How to call undocumented Windows APIs/syscalls through Trampoline Jumps.
I was watching a video by eversinc33 discussing Syscalls for Windows Malware and wanted to learn how to implement trampoline jumps with undocumented Nt API calls, and decided to do it myself. This blog is therefore a walkthrough of that process and how I implemented them.
What are Indirect Syscalls / Trampoline Jumps
Win API calls execute additional undocumented functions which were not intended for use by non native Windows functionality. Win API calls, however can contain userland hooks to detect malicious behavior. Because of this, people turned to calling the undocumented functions directly, with direct syscalls.
These however, can also be problematic for evasion as analysis can check the call tree to identify if these functions are being called by something other than the standard and intended Win API functions, and is also easy to identify with static analysis by searching for a syscall instruction.
So, that leads us to indirect syscalls, or Trampoline Jumps. the purpose is to call the syscall contained within the undocumented functions, without calling the original Win API, without calling an undocumented function directly, and also without using a syscall instruction.
To demonstrate this I’m going to start from a basic CreateRemoteThread payload using direct Win API calls, then modify this to use direct Nt API calls and finally modify this to use indirect syscalls with Trampoline Jumps.
Identifying Nt Functions
I chose a basic CreateRemoteThread payload from Red Team Notes as a base to start from, which uses the standard Win API calls. Using the method described in y3a‘s blog with API monitor we can execute this payload to see the call tree of each of the API calls in the CreateRemoteThread payload, i.e. OpenProcess, VirtualAllocEx, WriteProcessMemory and CreateRemoteThread.
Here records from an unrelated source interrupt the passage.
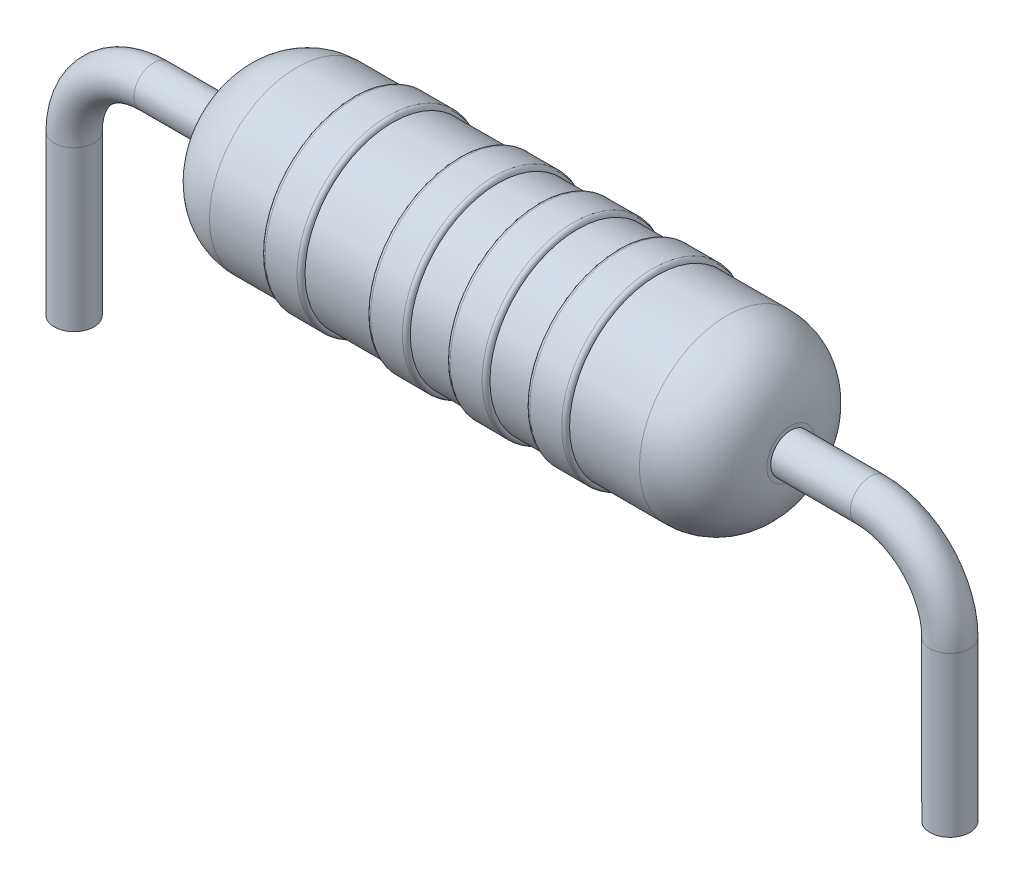
ISO-10303-21;
HEADER;
FILE_DESCRIPTION(('STEP AP214'),'2;1');
FILE_NAME('part.step','',(''),(''),'','','');
FILE_SCHEMA(('AUTOMOTIVE_DESIGN { 1 0 10303 214 1 1 1 1 }'));
ENDSEC;
DATA;
#1=APPLICATION_CONTEXT('core data for automotive mechanical design processes');
#2=APPLICATION_PROTOCOL_DEFINITION('international standard','automotive_design',2000,#1);
#3=PRODUCT_CONTEXT('',#1,'mechanical');
#4=PRODUCT('Part','Part','',(#3));
#5=PRODUCT_RELATED_PRODUCT_CATEGORY('part','',(#4));
#6=PRODUCT_DEFINITION_FORMATION('','',#4);
#7=PRODUCT_DEFINITION_CONTEXT('part definition',#1,'design');
#8=PRODUCT_DEFINITION('design','',#6,#7);
#9=PRODUCT_DEFINITION_SHAPE('','',#8);
#10=(LENGTH_UNIT() NAMED_UNIT(*) SI_UNIT(.MILLI.,.METRE.));
#11=(NAMED_UNIT(*) PLANE_ANGLE_UNIT() SI_UNIT($,.RADIAN.));
#12=(NAMED_UNIT(*) SI_UNIT($,.STERADIAN.) SOLID_ANGLE_UNIT());
#13=UNCERTAINTY_MEASURE_WITH_UNIT(LENGTH_MEASURE(1.E-05),#10,'distance_accuracy_value','');
#14=(GEOMETRIC_REPRESENTATION_CONTEXT(3) GLOBAL_UNCERTAINTY_ASSIGNED_CONTEXT((#13)) GLOBAL_UNIT_ASSIGNED_CONTEXT((#10,
#11,#12)) REPRESENTATION_CONTEXT('',''));
#15=CARTESIAN_POINT('',(0.,0.,0.));
#16=DIRECTION('',(0.,0.,1.));
#17=DIRECTION('',(1.,0.,0.));
#18=AXIS2_PLACEMENT_3D('',#15,#16,#17);
#19=CARTESIAN_POINT('',(-3.5,0.,0.));
#20=DIRECTION('',(1.,0.,0.));
#21=DIRECTION('',(0.,0.,-1.));
#22=AXIS2_PLACEMENT_3D('',#19,#20,#21);
#23=PLANE('',#22);
#24=CARTESIAN_POINT('',(-3.5,0.,0.));
#25=DIRECTION('',(-1.,0.,0.));
#26=DIRECTION('',(0.,0.,1.));
#27=AXIS2_PLACEMENT_3D('',#24,#25,#26);
#28=CIRCLE('',#27,0.299999999999995);
#29=CARTESIAN_POINT('',(-3.5,0.,0.299999999999995));
#30=VERTEX_POINT('',#29);
#31=EDGE_CURVE('E91',#30,#30,#28,.T.);
#32=ORIENTED_EDGE('',*,*,#31,.T.);
#33=EDGE_LOOP('',(#32));
#34=FACE_BOUND('',#33,.T.);
#35=CARTESIAN_POINT('',(-3.5,0.,0.));
#36=DIRECTION('',(1.,0.,0.));
#37=DIRECTION('',(0.,0.,-1.));
#38=AXIS2_PLACEMENT_3D('',#35,#36,#37);
#39=CIRCLE('',#38,0.25);
#40=CARTESIAN_POINT('',(-3.5,0.,-0.25));
#41=VERTEX_POINT('',#40);
#42=EDGE_CURVE('E10',#41,#41,#39,.F.);
#43=ORIENTED_EDGE('',*,*,#42,.F.);
#44=EDGE_LOOP('',(#43));
#45=FACE_BOUND('',#44,.T.);
#46=ADVANCED_FACE('F32',(#34,#45),#23,.F.);
#47=CARTESIAN_POINT('',(-54.2686615886834,0.,0.));
#48=DIRECTION('',(-1.,0.,0.));
#49=DIRECTION('',(0.,0.,1.));
#50=AXIS2_PLACEMENT_3D('',#47,#48,#49);
#51=CYLINDRICAL_SURFACE('',#50,1.1);
#52=CARTESIAN_POINT('',(0.322975145638588,0.,0.));
#53=DIRECTION('',(-1.,0.,0.));
#54=DIRECTION('',(0.,0.,1.));
#55=AXIS2_PLACEMENT_3D('',#52,#53,#54);
#56=CIRCLE('',#55,1.1);
#57=CARTESIAN_POINT('',(0.322975145638588,0.,1.1));
#58=VERTEX_POINT('',#57);
#59=EDGE_CURVE('E79',#58,#58,#56,.T.);
#60=ORIENTED_EDGE('',*,*,#59,.T.);
#61=EDGE_LOOP('',(#60));
#62=FACE_BOUND('',#61,.T.);
#63=CARTESIAN_POINT('',(-0.177024854361413,0.,0.));
#64=DIRECTION('',(1.,0.,0.));
#65=DIRECTION('',(0.,0.,-1.));
#66=AXIS2_PLACEMENT_3D('',#63,#64,#65);
#67=CIRCLE('',#66,1.1);
#68=CARTESIAN_POINT('',(-0.177024854361413,0.,-1.1));
#69=VERTEX_POINT('',#68);
#70=EDGE_CURVE('E88',#69,#69,#67,.T.);
#71=ORIENTED_EDGE('',*,*,#70,.T.);
#72=EDGE_LOOP('',(#71));
#73=FACE_BOUND('',#72,.T.);
#74=ADVANCED_FACE('F149',(#62,#73),#51,.T.);
#75=CARTESIAN_POINT('',(4.3261723446646,0.,0.));
#76=DIRECTION('',(1.,0.,0.));
#77=DIRECTION('',(0.,0.,-1.));
#78=AXIS2_PLACEMENT_3D('',#75,#76,#77);
#79=CYLINDRICAL_SURFACE('',#78,1.15);
#80=CARTESIAN_POINT('',(-0.627024854361413,0.,0.));
#81=DIRECTION('',(-1.,0.,0.));
#82=DIRECTION('',(0.,0.,1.));
#83=AXIS2_PLACEMENT_3D('',#80,#81,#82);
#84=CIRCLE('',#83,1.15);
#85=CARTESIAN_POINT('',(-0.627024854361413,0.,1.15));
#86=VERTEX_POINT('',#85);
#87=EDGE_CURVE('E55',#86,#86,#84,.F.);
#88=ORIENTED_EDGE('',*,*,#87,.T.);
#89=EDGE_LOOP('',(#88));
#90=FACE_BOUND('',#89,.T.);
#91=CARTESIAN_POINT('',(-0.227024854361413,0.,0.));
#92=DIRECTION('',(1.,0.,0.));
#93=DIRECTION('',(0.,0.,-1.));
#94=AXIS2_PLACEMENT_3D('',#91,#92,#93);
#95=CIRCLE('',#94,1.15);
#96=CARTESIAN_POINT('',(-0.227024854361413,0.,-1.15));
#97=VERTEX_POINT('',#96);
#98=EDGE_CURVE('E58',#97,#97,#95,.F.);
#99=ORIENTED_EDGE('',*,*,#98,.T.);
#100=EDGE_LOOP('',(#99));
#101=FACE_BOUND('',#100,.T.);
#102=ADVANCED_FACE('F155',(#90,#101),#79,.T.);
#103=CARTESIAN_POINT('',(-1.5,0.,0.));
#104=DIRECTION('',(1.,0.,0.));
#105=DIRECTION('',(0.,0.,-1.));
#106=AXIS2_PLACEMENT_3D('',#103,#104,#105);
#107=CIRCLE('',#106,1.1);
#108=CARTESIAN_POINT('',(-1.5,0.,-1.1));
#109=VERTEX_POINT('',#108);
#110=EDGE_CURVE('E72',#109,#109,#107,.T.);
#111=ORIENTED_EDGE('',*,*,#110,.T.);
#112=EDGE_LOOP('',(#111));
#113=FACE_BOUND('',#112,.T.);
#114=CARTESIAN_POINT('',(-0.677024854361413,0.,0.));
#115=DIRECTION('',(-1.,0.,0.));
#116=DIRECTION('',(0.,0.,1.));
#117=AXIS2_PLACEMENT_3D('',#114,#115,#116);
#118=CIRCLE('',#117,1.1);
#119=CARTESIAN_POINT('',(-0.677024854361413,0.,1.1));
#120=VERTEX_POINT('',#119);
#121=EDGE_CURVE('E85',#120,#120,#118,.T.);
#122=ORIENTED_EDGE('',*,*,#121,.T.);
#123=EDGE_LOOP('',(#122));
#124=FACE_BOUND('',#123,.T.);
#125=ADVANCED_FACE('F158',(#113,#124),#51,.T.);
#126=CARTESIAN_POINT('',(4.3261723446646,0.,0.));
#127=DIRECTION('',(1.,0.,0.));
#128=DIRECTION('',(0.,0.,-1.));
#129=AXIS2_PLACEMENT_3D('',#126,#127,#128);
#130=CYLINDRICAL_SURFACE('',#129,1.15);
#131=CARTESIAN_POINT('',(0.372975145638587,0.,0.));
#132=DIRECTION('',(-1.,0.,0.));
#133=DIRECTION('',(0.,0.,1.));
#134=AXIS2_PLACEMENT_3D('',#131,#132,#133);
#135=CIRCLE('',#134,1.15);
#136=CARTESIAN_POINT('',(0.372975145638587,0.,1.15));
#137=VERTEX_POINT('',#136);
#138=EDGE_CURVE('E47',#137,#137,#135,.F.);
#139=ORIENTED_EDGE('',*,*,#138,.T.);
#140=EDGE_LOOP('',(#139));
#141=FACE_BOUND('',#140,.T.);
#142=CARTESIAN_POINT('',(0.772975145638587,0.,0.));
#143=DIRECTION('',(1.,0.,0.));
#144=DIRECTION('',(0.,0.,-1.));
#145=AXIS2_PLACEMENT_3D('',#142,#143,#144);
#146=CIRCLE('',#145,1.15);
#147=CARTESIAN_POINT('',(0.772975145638587,0.,-1.15));
#148=VERTEX_POINT('',#147);
#149=EDGE_CURVE('E52',#148,#148,#146,.F.);
#150=ORIENTED_EDGE('',*,*,#149,.T.);
#151=EDGE_LOOP('',(#150));
#152=FACE_BOUND('',#151,.T.);
#153=ADVANCED_FACE('F171',(#141,#152),#130,.T.);
#154=CARTESIAN_POINT('',(1.32297514563859,0.,0.));
#155=DIRECTION('',(-1.,0.,0.));
#156=DIRECTION('',(0.,0.,1.));
#157=AXIS2_PLACEMENT_3D('',#154,#155,#156);
#158=CIRCLE('',#157,1.1);
#159=CARTESIAN_POINT('',(1.32297514563859,0.,1.1));
#160=VERTEX_POINT('',#159);
#161=EDGE_CURVE('E71',#160,#160,#158,.T.);
#162=ORIENTED_EDGE('',*,*,#161,.T.);
#163=EDGE_LOOP('',(#162));
#164=FACE_BOUND('',#163,.T.);
#165=CARTESIAN_POINT('',(0.822975145638588,0.,0.));
#166=DIRECTION('',(1.,0.,0.));
#167=DIRECTION('',(0.,0.,-1.));
#168=AXIS2_PLACEMENT_3D('',#165,#166,#167);
#169=CIRCLE('',#168,1.1);
#170=CARTESIAN_POINT('',(0.822975145638588,0.,-1.1));
#171=VERTEX_POINT('',#170);
#172=EDGE_CURVE('E82',#171,#171,#169,.T.);
#173=ORIENTED_EDGE('',*,*,#172,.T.);
#174=EDGE_LOOP('',(#173));
#175=FACE_BOUND('',#174,.T.);
#176=ADVANCED_FACE('F159',(#164,#175),#51,.T.);
#177=CARTESIAN_POINT('',(4.3261723446646,0.,0.));
#178=DIRECTION('',(1.,0.,0.));
#179=DIRECTION('',(0.,0.,-1.));
#180=AXIS2_PLACEMENT_3D('',#177,#178,#179);
#181=CYLINDRICAL_SURFACE('',#180,1.15);
#182=CARTESIAN_POINT('',(1.37297514563859,0.,0.));
#183=DIRECTION('',(-1.,0.,0.));
#184=DIRECTION('',(0.,0.,1.));
#185=AXIS2_PLACEMENT_3D('',#182,#183,#184);
#186=CIRCLE('',#185,1.15);
#187=CARTESIAN_POINT('',(1.37297514563859,0.,1.15));
#188=VERTEX_POINT('',#187);
#189=EDGE_CURVE('E39',#188,#188,#186,.F.);
#190=ORIENTED_EDGE('',*,*,#189,.T.);
#191=EDGE_LOOP('',(#190));
#192=FACE_BOUND('',#191,.T.);
#193=CARTESIAN_POINT('',(1.77297514563859,0.,0.));
#194=DIRECTION('',(1.,0.,0.));
#195=DIRECTION('',(0.,0.,-1.));
#196=AXIS2_PLACEMENT_3D('',#193,#194,#195);
#197=CIRCLE('',#196,1.15);
#198=CARTESIAN_POINT('',(1.77297514563859,0.,-1.15));
#199=VERTEX_POINT('',#198);
#200=EDGE_CURVE('E43',#199,#199,#197,.F.);
#201=ORIENTED_EDGE('',*,*,#200,.T.);
#202=EDGE_LOOP('',(#201));
#203=FACE_BOUND('',#202,.T.);
#204=ADVANCED_FACE('F181',(#192,#203),#181,.T.);
#205=CARTESIAN_POINT('',(3.5,0.299999999999995,0.));
#206=DIRECTION('',(-1.,0.,0.));
#207=DIRECTION('',(0.,0.,1.));
#208=AXIS2_PLACEMENT_3D('',#205,#206,#207);
#209=PLANE('',#208);
#210=CARTESIAN_POINT('',(3.5,0.,0.));
#211=DIRECTION('',(-1.,0.,0.));
#212=DIRECTION('',(0.,0.,1.));
#213=AXIS2_PLACEMENT_3D('',#210,#211,#212);
#214=CIRCLE('',#213,0.25);
#215=CARTESIAN_POINT('',(3.5,0.,0.25));
#216=VERTEX_POINT('',#215);
#217=EDGE_CURVE('E119',#216,#216,#214,.T.);
#218=ORIENTED_EDGE('',*,*,#217,.T.);
#219=EDGE_LOOP('',(#218));
#220=FACE_BOUND('',#219,.T.);
#221=CARTESIAN_POINT('',(3.5,0.,0.));
#222=DIRECTION('',(-1.,0.,0.));
#223=DIRECTION('',(0.,0.,1.));
#224=AXIS2_PLACEMENT_3D('',#221,#222,#223);
#225=CIRCLE('',#224,0.299999999999995);
#226=CARTESIAN_POINT('',(3.5,0.,0.299999999999995));
#227=VERTEX_POINT('',#226);
#228=EDGE_CURVE('E67',#227,#227,#225,.T.);
#229=ORIENTED_EDGE('',*,*,#228,.F.);
#230=EDGE_LOOP('',(#229));
#231=FACE_BOUND('',#230,.T.);
#232=ADVANCED_FACE('F177',(#220,#231),#209,.F.);
#233=CARTESIAN_POINT('',(2.7,0.,0.));
#234=DIRECTION('',(-1.,0.,0.));
#235=DIRECTION('',(0.,0.,1.));
#236=AXIS2_PLACEMENT_3D('',#233,#234,#235);
#237=DEGENERATE_TOROIDAL_SURFACE('',#236,0.3,0.8,.T.);
#238=CARTESIAN_POINT('',(2.69999999999999,0.,0.));
#239=DIRECTION('',(-1.,0.,0.));
#240=DIRECTION('',(0.,0.,1.));
#241=AXIS2_PLACEMENT_3D('',#238,#239,#240);
#242=CIRCLE('',#241,1.1);
#243=CARTESIAN_POINT('',(2.69999999999999,0.,1.1));
#244=VERTEX_POINT('',#243);
#245=EDGE_CURVE('E96',#244,#244,#242,.T.);
#246=ORIENTED_EDGE('',*,*,#245,.F.);
#247=EDGE_LOOP('',(#246));
#248=FACE_BOUND('',#247,.T.);
#249=ORIENTED_EDGE('',*,*,#228,.T.);
#250=EDGE_LOOP('',(#249));
#251=FACE_BOUND('',#250,.T.);
#252=ADVANCED_FACE('F173',(#248,#251),#237,.T.);
#253=CARTESIAN_POINT('',(1.82297514563859,0.,0.));
#254=DIRECTION('',(1.,0.,0.));
#255=DIRECTION('',(0.,0.,-1.));
#256=AXIS2_PLACEMENT_3D('',#253,#254,#255);
#257=CIRCLE('',#256,1.1);
#258=CARTESIAN_POINT('',(1.82297514563859,0.,-1.1));
#259=VERTEX_POINT('',#258);
#260=EDGE_CURVE('E76',#259,#259,#257,.T.);
#261=ORIENTED_EDGE('',*,*,#260,.T.);
#262=EDGE_LOOP('',(#261));
#263=FACE_BOUND('',#262,.T.);
#264=ORIENTED_EDGE('',*,*,#245,.T.);
#265=EDGE_LOOP('',(#264));
#266=FACE_BOUND('',#265,.T.);
#267=ADVANCED_FACE('F176',(#263,#266),#51,.T.);
#268=CARTESIAN_POINT('',(4.3261723446646,0.,0.));
#269=DIRECTION('',(1.,0.,0.));
#270=DIRECTION('',(0.,0.,-1.));
#271=AXIS2_PLACEMENT_3D('',#268,#269,#270);
#272=CYLINDRICAL_SURFACE('',#271,1.15);
#273=CARTESIAN_POINT('',(-1.95,0.,0.));
#274=DIRECTION('',(-1.,0.,0.));
#275=DIRECTION('',(0.,0.,1.));
#276=AXIS2_PLACEMENT_3D('',#273,#274,#275);
#277=CIRCLE('',#276,1.15);
#278=CARTESIAN_POINT('',(-1.95,0.,1.15));
#279=VERTEX_POINT('',#278);
#280=EDGE_CURVE('E61',#279,#279,#277,.F.);
#281=ORIENTED_EDGE('',*,*,#280,.T.);
#282=EDGE_LOOP('',(#281));
#283=FACE_BOUND('',#282,.T.);
#284=CARTESIAN_POINT('',(-1.55,0.,0.));
#285=DIRECTION('',(1.,0.,0.));
#286=DIRECTION('',(0.,0.,-1.));
#287=AXIS2_PLACEMENT_3D('',#284,#285,#286);
#288=CIRCLE('',#287,1.15);
#289=CARTESIAN_POINT('',(-1.55,0.,-1.15));
#290=VERTEX_POINT('',#289);
#291=EDGE_CURVE('E64',#290,#290,#288,.F.);
#292=ORIENTED_EDGE('',*,*,#291,.T.);
#293=EDGE_LOOP('',(#292));
#294=FACE_BOUND('',#293,.T.);
#295=ADVANCED_FACE('F167',(#283,#294),#272,.T.);
#296=CARTESIAN_POINT('',(-2.7,0.,0.));
#297=DIRECTION('',(-1.,0.,0.));
#298=DIRECTION('',(0.,0.,1.));
#299=AXIS2_PLACEMENT_3D('',#296,#297,#298);
#300=DEGENERATE_TOROIDAL_SURFACE('',#299,0.3,0.8,.T.);
#301=ORIENTED_EDGE('',*,*,#31,.F.);
#302=EDGE_LOOP('',(#301));
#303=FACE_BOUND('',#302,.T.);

In the example of VirtualAllocEx, this function calls the function NtAllocateVirtualMemory. Before we get indirect calls working, we can begin with getting this function working by using SysWhispers. The output generated by the header file from SysWhispers should look something like this:
EXTERN_C NTSTATUS NtAllocateVirtualMemory(
IN HANDLE ProcessHandle,
IN OUT PVOID * BaseAddress,
IN ULONG ZeroBits,
IN OUT PSIZE_T RegionSize,
IN ULONG AllocationType,
IN ULONG Protect);Finding a Syscall Instruction
I’m going to modify the SysWhispers function slightly and then use GetProcAddress to get the address of the NtAllocateVirtualMemory function (this could of course be improved, but for simplicity/explaining the indirect syscall method, I’m using this approach).
#include "Windows.h"
#include <stdio.h>
using jNtAllocateVirtualMemory = NTSTATUS(NTAPI*)(
IN HANDLE ProcessHandle,
IN OUT PVOID* BaseAddress,
IN ULONG ZeroBits,
IN OUT PSIZE_T RegionSize,
IN ULONG AllocationType,
IN ULONG Protect);
void main() {
// sorry single line, bit messed up here
jNtAllocateVirtualMemory ntAllocateVirtualMemory = (jNtAllocateVirtualMemory)(GetProcAddress(GetModuleHandleA("ntdll"), "NtAllocateVirtualMemory"));
printf("Address: %p\n", ntAllocateVirtualMemory);
}Running this on my computer prints out the address 00007FFCAC64D140. If we then open up WinDbg, execute calc.exe or whichever binary you wish, go to View->Disassembly and search for the address you should see the assembly code for the NtAllocateVirtualMemory function. Also take note of the syscall instruction number that is being used in the eax register, this instruction is used with the syscall instruction to decide which system level function to call.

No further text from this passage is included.